WHAT NEEDS TO BE DONE. Every entry below must be transcribed word for word, and the images must be left out.

EXERCISE DATA.

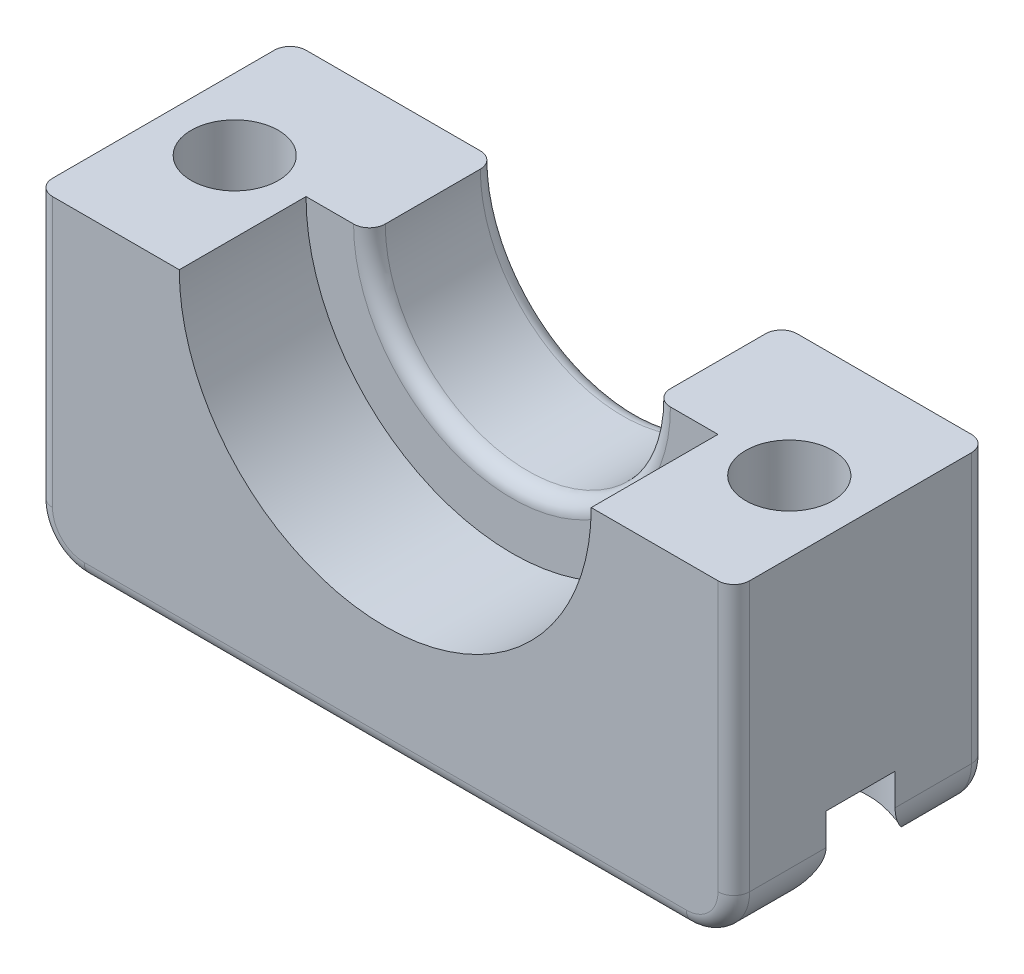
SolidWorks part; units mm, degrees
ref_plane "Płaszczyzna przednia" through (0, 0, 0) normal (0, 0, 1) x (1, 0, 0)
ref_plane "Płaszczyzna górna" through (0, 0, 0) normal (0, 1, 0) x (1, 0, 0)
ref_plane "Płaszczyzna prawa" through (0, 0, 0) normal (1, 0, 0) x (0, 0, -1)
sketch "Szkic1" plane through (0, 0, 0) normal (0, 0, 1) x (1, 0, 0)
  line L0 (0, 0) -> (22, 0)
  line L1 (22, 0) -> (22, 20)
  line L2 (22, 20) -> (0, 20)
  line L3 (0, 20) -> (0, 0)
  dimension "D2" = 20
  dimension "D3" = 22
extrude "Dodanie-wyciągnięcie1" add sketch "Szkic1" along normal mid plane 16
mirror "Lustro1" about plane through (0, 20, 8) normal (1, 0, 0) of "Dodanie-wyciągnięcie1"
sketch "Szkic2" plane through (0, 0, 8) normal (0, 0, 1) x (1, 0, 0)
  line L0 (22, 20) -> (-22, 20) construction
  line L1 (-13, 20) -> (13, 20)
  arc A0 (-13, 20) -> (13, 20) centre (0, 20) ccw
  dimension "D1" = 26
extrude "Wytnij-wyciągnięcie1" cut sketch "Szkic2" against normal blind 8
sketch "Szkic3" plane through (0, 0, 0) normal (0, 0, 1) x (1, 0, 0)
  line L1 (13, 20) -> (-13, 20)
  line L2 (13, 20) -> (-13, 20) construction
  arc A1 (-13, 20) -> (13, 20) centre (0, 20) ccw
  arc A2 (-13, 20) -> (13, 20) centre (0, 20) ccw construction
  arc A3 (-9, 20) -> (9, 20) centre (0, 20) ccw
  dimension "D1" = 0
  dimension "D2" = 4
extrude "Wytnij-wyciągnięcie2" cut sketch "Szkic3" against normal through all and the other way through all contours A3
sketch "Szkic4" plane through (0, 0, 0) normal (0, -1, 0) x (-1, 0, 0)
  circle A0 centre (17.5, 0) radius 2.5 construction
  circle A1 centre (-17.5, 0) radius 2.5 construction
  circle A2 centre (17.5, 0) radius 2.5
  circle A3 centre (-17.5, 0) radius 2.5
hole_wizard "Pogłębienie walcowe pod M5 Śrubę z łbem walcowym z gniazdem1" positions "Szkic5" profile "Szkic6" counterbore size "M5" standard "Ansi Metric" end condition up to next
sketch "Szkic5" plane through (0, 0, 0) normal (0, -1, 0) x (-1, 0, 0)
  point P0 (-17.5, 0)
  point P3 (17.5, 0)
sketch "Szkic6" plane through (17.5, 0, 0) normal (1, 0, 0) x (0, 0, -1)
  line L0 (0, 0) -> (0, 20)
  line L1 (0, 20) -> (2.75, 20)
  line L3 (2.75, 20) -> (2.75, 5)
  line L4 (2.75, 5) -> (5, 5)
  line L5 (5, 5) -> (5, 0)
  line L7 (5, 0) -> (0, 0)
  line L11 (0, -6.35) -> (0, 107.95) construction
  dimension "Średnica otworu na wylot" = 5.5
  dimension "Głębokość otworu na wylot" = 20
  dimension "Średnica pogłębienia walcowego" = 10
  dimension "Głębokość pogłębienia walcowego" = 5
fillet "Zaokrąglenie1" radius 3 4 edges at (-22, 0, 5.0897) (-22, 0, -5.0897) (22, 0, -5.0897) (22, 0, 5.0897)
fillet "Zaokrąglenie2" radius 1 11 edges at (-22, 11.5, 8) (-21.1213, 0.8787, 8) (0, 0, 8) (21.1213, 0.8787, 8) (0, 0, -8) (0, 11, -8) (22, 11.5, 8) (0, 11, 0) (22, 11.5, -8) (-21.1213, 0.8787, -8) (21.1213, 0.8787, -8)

COMPLETED EXERCISE.
SolidWorks part; units mm, degrees
ref_plane "Płaszczyzna przednia" through (0, 0, 0) normal (0, 0, 1) x (1, 0, 0)
ref_plane "Płaszczyzna górna" through (0, 0, 0) normal (0, 1, 0) x (1, 0, 0)
ref_plane "Płaszczyzna prawa" through (0, 0, 0) normal (1, 0, 0) x (0, 0, -1)
sketch "Szkic1" plane through (0, 0, 0) normal (0, 0, 1) x (1, 0, 0)
  line L0 (0, 0) -> (22, 0)
  line L1 (22, 0) -> (22, 20)
  line L2 (22, 20) -> (0, 20)
  line L3 (0, 20) -> (0, 0)
  dimension "D2" = 20
  dimension "D3" = 22
extrude "Dodanie-wyciągnięcie1" add sketch "Szkic1" along normal mid plane 16
mirror "Lustro1" about plane through (0, 20, 8) normal (1, 0, 0) of "Dodanie-wyciągnięcie1"
sketch "Szkic2" plane through (0, 0, 8) normal (0, 0, 1) x (1, 0, 0)
  line L0 (22, 20) -> (-22, 20) construction
  line L1 (-13, 20) -> (13, 20)
  arc A0 (-13, 20) -> (13, 20) centre (0, 20) ccw
  dimension "D1" = 26
extrude "Wytnij-wyciągnięcie1" cut sketch "Szkic2" against normal blind 8
sketch "Szkic3" plane through (0, 0, 0) normal (0, 0, 1) x (1, 0, 0)
  line L1 (13, 20) -> (-13, 20)
  line L2 (13, 20) -> (-13, 20) construction
  arc A1 (-13, 20) -> (13, 20) centre (0, 20) ccw
  arc A2 (-13, 20) -> (13, 20) centre (0, 20) ccw construction
  arc A3 (-9, 20) -> (9, 20) centre (0, 20) ccw
  dimension "D1" = 0
  dimension "D2" = 4
extrude "Wytnij-wyciągnięcie2" cut sketch "Szkic3" against normal through all and the other way through all contours A3
sketch "Szkic4" plane through (0, 0, 0) normal (0, -1, 0) x (-1, 0, 0)
  circle A0 centre (17.5, 0) radius 2.5 construction
  circle A1 centre (-17.5, 0) radius 2.5 construction
  circle A2 centre (17.5, 0) radius 2.5
  circle A3 centre (-17.5, 0) radius 2.5
hole_wizard "Pogłębienie walcowe pod M5 Śrubę z łbem walcowym z gniazdem1" positions "Szkic5" profile "Szkic6" counterbore size "M5" standard "Ansi Metric" end condition up to next
sketch "Szkic5" plane through (0, 0, 0) normal (0, -1, 0) x (-1, 0, 0)
  point P0 (-17.5, 0)
  point P3 (17.5, 0)
sketch "Szkic6" plane through (17.5, 0, 0) normal (1, 0, 0) x (0, 0, -1)
  line L0 (0, 0) -> (0, 20)
  line L1 (0, 20) -> (2.75, 20)
  line L3 (2.75, 20) -> (2.75, 5)
  line L4 (2.75, 5) -> (5, 5)
  line L5 (5, 5) -> (5, 0)
  line L7 (5, 0) -> (0, 0)
  line L11 (0, -6.35) -> (0, 107.95) construction
  dimension "Średnica otworu na wylot" = 5.5
  dimension "Głębokość otworu na wylot" = 20
  dimension "Średnica pogłębienia walcowego" = 10
  dimension "Głębokość pogłębienia walcowego" = 5
fillet "Zaokrąglenie1" radius 3 4 edges at (-22, 0, 5.0897) (-22, 0, -5.0897) (22, 0, -5.0897) (22, 0, 5.0897)
fillet "Zaokrąglenie2" radius 1 11 edges at (-22, 11.5, 8) (-21.1213, 0.8787, 8) (0, 0, 8) (21.1213, 0.8787, 8) (0, 0, -8) (0, 11, -8) (22, 11.5, 8) (0, 11, 0) (22, 11.5, -8) (-21.1213, 0.8787, -8) (21.1213, 0.8787, -8)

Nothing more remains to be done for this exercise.